If you are enjoying my essays, please consider supporting me on Patreon (by pledging $1 for each essay)

Friday, May 15, 2020

Mark 10 1-12

and he arose from thence
and cometh into the coasts of Judaea
by the farther side of Jordan
and the people resort unto him again
and, as he was wont
he taught them again

Curtain rises. Part two. 

The scene has shifted to a new location, but everything continues as it did before the intermission. People are still coming to Jesus and he is still teaching them. 

The first half of the story took place in and around Capernaum. The second half will take place in Jerusalem. But this short section is set in an in-between place: South of Galilee, east of the Jordan near the Judean frontier. Mark says that they are beyond — peran — the Jordan. There was a geographical area known as Perea, the Beyond Country. Some people go so far as to speak of a Perean ministry. The location is important. Herod, king of Galilee, who beheaded John the Baptist, is also King of Perea. 

and the Pharisees came to him,
and asked him,
“Is it lawful for a man to put away his wife?”
tempting him.
and he answered and said unto them,
“what did Moses command you?”
and they said,
“Moses suffered to write a bill of divorcement
and to put her away.”
and Jesus answered and said unto them,
“for the hardness of your heart he wrote you this precept.
but from the beginning of the creation
God made them male and female
for this cause shall a man leave his father and mother
and cleave to his wife;
and they twain shall be one flesh:
so then they are no more twain, but one flesh.
what therefore God hath joined together
let not man put asunder"

and in the house his disciples asked him again of the same matter
and he saith unto them,
“whosoever shall put away his wife
and marry another,
committeth adultery against her.
and if a woman shall put away her husband
and be married to another, 
she committeth adultery”

Herod (not to be confused with Herod) had been married to a foreign princess called Phasaelis. His brother Herod (not to be confused with Herod or Herod) had been married to Herodias, the granddaughter of Herod. Herod and Herodias, in order to complicate their family tree even further, divorced their respective partners and married each other. John the Baptist told them that their new marriage was not lawful: so they had John the Baptist’s head chopped off. 

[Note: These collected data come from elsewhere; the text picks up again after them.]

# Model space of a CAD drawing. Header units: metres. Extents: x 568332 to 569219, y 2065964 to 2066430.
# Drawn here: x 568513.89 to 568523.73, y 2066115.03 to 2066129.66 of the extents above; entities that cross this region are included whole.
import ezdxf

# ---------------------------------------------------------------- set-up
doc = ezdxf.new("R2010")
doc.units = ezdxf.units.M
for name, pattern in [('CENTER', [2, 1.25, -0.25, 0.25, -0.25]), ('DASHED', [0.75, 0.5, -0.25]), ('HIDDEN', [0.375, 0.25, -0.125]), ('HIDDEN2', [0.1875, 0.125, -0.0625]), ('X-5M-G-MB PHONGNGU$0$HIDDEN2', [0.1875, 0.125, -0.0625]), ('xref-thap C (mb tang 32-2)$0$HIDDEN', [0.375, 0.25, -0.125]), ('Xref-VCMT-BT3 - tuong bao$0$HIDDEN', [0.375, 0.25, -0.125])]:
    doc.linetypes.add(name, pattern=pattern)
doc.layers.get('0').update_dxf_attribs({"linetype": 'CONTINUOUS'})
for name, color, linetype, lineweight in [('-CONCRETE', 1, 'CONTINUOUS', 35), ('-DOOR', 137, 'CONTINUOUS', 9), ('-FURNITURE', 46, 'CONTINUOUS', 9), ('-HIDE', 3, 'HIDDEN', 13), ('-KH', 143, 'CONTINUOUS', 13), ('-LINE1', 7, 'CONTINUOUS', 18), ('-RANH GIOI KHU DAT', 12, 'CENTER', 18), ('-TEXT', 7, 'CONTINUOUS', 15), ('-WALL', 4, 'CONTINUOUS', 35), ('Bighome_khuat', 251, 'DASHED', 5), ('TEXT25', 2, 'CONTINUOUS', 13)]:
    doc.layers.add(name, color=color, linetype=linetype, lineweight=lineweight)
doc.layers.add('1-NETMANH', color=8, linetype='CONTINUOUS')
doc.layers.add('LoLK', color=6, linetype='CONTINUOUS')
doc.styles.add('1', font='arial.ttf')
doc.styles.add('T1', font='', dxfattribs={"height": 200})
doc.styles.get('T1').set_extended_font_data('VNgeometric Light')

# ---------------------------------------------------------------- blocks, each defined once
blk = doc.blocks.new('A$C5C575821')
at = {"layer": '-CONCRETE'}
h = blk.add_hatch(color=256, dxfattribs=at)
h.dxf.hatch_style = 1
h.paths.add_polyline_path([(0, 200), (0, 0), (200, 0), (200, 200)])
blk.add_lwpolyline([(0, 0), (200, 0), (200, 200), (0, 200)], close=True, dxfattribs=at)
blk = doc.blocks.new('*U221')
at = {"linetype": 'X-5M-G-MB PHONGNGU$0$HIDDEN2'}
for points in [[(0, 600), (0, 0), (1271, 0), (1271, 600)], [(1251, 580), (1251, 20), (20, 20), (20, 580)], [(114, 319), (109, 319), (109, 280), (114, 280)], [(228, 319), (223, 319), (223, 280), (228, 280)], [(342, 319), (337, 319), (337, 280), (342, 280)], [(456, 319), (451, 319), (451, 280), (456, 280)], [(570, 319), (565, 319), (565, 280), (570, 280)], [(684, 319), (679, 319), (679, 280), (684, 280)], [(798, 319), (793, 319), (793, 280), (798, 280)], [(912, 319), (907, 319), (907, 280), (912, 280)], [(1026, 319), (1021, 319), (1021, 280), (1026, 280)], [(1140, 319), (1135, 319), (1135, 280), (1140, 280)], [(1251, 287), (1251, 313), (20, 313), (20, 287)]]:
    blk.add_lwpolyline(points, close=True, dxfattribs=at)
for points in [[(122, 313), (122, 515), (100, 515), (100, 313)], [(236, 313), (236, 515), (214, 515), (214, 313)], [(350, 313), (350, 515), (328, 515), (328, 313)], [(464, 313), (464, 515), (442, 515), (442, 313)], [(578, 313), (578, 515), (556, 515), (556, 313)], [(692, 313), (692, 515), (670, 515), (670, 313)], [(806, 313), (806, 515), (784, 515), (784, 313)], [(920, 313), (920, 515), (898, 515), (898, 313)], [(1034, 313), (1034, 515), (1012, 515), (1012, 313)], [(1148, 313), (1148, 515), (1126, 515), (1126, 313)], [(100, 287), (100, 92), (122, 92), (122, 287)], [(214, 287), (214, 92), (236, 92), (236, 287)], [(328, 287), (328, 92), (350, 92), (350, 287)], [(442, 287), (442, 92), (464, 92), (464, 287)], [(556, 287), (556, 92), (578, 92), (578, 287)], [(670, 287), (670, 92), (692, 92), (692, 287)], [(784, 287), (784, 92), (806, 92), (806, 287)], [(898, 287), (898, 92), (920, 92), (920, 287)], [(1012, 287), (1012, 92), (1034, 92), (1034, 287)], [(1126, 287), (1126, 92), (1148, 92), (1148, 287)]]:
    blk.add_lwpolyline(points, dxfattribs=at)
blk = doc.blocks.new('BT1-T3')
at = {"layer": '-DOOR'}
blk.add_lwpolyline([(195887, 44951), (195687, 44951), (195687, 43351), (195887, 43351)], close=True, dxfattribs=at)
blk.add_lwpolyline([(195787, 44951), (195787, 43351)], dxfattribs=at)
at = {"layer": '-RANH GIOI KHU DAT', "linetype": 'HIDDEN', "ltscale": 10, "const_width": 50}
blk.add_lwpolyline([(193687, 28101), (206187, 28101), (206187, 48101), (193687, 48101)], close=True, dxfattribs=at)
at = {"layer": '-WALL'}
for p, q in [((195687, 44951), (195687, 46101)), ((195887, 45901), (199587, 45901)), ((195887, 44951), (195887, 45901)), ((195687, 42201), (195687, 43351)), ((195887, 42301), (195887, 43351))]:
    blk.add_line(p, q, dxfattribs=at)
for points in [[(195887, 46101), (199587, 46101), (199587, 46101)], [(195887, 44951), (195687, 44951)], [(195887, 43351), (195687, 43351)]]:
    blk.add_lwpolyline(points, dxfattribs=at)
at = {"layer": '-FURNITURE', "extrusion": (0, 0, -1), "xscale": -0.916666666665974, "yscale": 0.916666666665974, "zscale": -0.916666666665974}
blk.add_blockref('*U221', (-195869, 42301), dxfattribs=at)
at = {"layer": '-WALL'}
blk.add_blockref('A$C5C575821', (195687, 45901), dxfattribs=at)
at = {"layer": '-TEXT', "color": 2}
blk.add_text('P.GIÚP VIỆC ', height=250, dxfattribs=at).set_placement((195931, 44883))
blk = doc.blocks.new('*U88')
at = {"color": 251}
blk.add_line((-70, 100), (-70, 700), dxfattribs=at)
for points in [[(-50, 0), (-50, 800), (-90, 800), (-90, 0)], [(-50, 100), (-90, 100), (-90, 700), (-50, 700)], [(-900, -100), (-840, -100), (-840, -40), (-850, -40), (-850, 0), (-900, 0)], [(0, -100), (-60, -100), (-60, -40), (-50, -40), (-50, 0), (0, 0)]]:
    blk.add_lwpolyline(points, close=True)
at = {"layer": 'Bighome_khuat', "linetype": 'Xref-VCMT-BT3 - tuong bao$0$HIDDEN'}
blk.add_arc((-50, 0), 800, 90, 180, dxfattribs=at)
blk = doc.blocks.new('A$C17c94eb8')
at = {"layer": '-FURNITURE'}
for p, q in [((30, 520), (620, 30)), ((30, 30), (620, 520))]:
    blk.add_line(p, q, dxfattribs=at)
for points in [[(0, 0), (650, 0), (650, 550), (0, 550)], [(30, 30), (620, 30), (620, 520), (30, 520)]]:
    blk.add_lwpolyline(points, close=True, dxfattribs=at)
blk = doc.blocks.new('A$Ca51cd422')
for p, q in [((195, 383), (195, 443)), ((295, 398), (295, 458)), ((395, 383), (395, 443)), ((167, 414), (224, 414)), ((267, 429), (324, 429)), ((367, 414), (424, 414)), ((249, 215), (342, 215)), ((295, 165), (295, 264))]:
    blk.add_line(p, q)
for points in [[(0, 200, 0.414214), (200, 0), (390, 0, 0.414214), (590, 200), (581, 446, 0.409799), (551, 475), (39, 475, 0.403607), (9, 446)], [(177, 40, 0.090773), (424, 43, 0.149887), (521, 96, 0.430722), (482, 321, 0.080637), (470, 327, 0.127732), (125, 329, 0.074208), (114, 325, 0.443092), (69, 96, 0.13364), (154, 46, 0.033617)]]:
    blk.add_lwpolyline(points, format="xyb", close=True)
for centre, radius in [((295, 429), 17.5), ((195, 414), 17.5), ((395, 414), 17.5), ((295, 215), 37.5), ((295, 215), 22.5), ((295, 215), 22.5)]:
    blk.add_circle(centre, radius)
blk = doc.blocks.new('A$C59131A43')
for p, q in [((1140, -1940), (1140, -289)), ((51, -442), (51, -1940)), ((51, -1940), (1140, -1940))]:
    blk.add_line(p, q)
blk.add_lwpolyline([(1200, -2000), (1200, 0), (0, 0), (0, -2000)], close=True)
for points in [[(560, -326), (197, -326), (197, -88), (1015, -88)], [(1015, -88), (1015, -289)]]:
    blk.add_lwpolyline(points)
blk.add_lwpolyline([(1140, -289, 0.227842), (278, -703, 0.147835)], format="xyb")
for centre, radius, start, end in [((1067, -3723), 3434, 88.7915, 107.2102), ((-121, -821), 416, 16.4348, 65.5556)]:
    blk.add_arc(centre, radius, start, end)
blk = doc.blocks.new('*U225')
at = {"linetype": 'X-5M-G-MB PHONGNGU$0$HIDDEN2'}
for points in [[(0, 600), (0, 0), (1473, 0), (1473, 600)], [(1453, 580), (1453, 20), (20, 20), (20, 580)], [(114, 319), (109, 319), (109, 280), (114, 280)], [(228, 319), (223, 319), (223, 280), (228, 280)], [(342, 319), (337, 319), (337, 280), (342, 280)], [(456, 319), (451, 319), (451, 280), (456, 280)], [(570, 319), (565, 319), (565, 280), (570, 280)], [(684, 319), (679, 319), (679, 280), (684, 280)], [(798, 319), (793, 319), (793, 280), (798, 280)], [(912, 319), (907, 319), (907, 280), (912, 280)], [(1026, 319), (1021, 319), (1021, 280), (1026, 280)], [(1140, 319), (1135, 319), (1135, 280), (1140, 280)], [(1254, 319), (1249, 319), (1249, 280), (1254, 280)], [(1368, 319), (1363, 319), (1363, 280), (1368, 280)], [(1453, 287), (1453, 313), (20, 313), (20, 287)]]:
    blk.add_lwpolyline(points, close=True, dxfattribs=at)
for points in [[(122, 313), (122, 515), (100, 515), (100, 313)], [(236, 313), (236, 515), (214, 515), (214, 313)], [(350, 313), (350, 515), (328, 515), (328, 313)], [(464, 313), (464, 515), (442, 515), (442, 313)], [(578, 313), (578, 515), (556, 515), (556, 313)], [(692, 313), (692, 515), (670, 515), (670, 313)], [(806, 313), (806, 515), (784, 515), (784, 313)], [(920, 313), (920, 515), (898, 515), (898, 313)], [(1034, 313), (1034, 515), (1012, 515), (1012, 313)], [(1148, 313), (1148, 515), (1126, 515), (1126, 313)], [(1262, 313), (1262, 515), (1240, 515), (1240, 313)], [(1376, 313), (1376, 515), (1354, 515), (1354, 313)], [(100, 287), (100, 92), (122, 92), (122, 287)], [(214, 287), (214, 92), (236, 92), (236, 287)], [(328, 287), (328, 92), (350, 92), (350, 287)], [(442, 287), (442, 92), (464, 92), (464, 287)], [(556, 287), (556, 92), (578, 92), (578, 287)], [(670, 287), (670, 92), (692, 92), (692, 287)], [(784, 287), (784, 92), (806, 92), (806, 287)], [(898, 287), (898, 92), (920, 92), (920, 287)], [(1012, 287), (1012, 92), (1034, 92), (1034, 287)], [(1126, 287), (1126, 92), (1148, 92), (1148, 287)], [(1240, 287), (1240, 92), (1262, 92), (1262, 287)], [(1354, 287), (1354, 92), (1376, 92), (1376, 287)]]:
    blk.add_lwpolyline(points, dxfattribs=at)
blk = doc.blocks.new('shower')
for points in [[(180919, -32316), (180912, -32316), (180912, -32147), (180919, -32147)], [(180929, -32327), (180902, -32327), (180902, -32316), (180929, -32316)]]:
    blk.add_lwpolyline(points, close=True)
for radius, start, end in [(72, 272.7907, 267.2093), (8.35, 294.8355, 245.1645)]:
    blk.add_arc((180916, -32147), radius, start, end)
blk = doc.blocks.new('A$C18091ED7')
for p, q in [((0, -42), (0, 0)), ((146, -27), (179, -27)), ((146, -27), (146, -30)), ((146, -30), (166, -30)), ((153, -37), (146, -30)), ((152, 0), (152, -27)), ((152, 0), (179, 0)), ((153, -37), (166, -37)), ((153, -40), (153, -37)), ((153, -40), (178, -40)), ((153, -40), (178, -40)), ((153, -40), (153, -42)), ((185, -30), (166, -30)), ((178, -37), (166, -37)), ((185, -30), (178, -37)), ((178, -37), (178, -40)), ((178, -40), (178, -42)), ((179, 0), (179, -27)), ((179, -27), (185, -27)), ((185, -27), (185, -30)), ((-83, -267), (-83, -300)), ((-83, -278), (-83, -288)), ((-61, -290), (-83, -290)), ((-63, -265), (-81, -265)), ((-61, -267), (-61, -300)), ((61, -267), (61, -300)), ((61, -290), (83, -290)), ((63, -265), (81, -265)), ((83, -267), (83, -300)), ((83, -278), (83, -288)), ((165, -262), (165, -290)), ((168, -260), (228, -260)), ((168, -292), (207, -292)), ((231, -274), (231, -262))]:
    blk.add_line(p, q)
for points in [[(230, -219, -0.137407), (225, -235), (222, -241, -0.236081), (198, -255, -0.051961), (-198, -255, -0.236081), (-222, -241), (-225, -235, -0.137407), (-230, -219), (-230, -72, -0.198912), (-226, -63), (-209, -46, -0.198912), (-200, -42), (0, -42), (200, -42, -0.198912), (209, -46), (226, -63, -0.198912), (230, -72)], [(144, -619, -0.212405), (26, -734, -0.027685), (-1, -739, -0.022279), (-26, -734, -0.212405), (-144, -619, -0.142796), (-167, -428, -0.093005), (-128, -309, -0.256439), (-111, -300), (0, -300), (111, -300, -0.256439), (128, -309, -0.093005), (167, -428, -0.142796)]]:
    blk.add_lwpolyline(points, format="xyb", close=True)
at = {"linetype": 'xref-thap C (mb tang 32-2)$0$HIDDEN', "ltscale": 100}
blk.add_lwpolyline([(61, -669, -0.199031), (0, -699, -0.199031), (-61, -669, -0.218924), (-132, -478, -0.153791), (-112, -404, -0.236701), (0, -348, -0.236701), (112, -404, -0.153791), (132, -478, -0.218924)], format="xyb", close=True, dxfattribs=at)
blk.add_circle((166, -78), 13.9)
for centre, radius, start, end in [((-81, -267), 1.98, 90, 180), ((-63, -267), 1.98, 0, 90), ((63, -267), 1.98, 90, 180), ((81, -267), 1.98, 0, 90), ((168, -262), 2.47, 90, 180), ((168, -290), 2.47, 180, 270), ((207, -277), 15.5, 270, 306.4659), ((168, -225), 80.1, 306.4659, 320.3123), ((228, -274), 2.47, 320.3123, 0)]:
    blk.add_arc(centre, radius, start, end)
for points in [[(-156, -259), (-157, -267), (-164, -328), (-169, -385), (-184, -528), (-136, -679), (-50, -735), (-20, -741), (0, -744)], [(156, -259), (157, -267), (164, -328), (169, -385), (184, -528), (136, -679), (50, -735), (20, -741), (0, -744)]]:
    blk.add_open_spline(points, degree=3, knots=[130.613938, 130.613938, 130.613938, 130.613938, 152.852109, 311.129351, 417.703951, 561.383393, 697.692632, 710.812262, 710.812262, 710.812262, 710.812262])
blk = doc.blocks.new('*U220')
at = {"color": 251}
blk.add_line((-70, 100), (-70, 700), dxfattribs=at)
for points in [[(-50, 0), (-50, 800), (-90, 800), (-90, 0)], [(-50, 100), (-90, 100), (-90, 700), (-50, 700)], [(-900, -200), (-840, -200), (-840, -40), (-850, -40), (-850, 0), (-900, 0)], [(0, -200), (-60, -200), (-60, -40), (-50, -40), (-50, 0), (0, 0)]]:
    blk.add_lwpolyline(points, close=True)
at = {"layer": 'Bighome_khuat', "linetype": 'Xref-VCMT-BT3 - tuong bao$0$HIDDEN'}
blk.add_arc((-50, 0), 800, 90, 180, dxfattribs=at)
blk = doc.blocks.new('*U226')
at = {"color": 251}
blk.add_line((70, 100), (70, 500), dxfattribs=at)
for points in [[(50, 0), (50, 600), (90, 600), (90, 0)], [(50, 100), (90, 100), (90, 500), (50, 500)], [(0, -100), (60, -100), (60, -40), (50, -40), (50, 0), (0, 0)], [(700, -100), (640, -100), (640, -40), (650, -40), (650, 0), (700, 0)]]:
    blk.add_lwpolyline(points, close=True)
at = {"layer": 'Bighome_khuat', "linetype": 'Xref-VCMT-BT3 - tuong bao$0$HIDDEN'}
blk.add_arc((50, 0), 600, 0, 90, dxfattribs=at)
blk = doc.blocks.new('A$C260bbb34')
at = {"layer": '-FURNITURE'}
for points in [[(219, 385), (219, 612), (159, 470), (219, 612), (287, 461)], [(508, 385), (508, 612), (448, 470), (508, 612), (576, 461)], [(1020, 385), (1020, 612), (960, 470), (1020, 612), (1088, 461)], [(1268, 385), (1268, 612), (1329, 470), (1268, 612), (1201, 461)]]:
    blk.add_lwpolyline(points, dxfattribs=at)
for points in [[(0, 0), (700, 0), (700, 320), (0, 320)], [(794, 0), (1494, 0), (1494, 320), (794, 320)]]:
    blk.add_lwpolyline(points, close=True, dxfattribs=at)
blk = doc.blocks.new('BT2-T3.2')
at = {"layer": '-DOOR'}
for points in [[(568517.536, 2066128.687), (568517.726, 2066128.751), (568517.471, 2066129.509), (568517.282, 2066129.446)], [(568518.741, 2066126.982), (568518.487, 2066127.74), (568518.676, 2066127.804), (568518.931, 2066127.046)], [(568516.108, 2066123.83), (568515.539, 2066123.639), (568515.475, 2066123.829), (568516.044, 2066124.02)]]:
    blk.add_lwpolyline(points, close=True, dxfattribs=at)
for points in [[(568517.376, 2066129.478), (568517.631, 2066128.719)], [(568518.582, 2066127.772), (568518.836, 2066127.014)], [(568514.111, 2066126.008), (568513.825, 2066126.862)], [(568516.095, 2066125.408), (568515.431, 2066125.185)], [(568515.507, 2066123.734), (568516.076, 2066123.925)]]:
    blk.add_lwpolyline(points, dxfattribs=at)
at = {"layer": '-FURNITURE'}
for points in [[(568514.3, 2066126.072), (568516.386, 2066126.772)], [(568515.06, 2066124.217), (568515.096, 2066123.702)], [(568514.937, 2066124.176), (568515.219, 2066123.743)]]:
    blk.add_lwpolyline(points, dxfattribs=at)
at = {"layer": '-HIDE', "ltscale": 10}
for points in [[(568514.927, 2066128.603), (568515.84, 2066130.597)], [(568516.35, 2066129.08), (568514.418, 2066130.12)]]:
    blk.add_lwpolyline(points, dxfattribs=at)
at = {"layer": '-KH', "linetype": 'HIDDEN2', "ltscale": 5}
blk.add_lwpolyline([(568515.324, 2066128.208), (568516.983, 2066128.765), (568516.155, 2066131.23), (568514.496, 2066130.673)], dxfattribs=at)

Jesus was himself baptised by John; and Perea on the far side of the Jordan is John’s old stamping ground. Doubtless some of the people who have come out to hear Jesus speak also came out to listen to John. They may even have heard the rumour that John survived his execution and has resumed his ministry under a new name.

And so along come the Pharisees with a trick question. 

“We were just wondering for no particular reason what you think about divorce? Suppose in some purely hypothetical case a man were to dismiss his wife and marry someone else; and supposing that someone else had a living spouse. What would you say about that?”

It’s a perfect trap. Either Jesus criticises the King, or he criticises John. If he says that divorce is never lawful, than he is in very grave danger of being the after dinner entertainment at Herod’s next birthday party. But if he says that divorce is sometimes lawful, then he is telling an audience of ex-John-ites that the Baptist died for nothing.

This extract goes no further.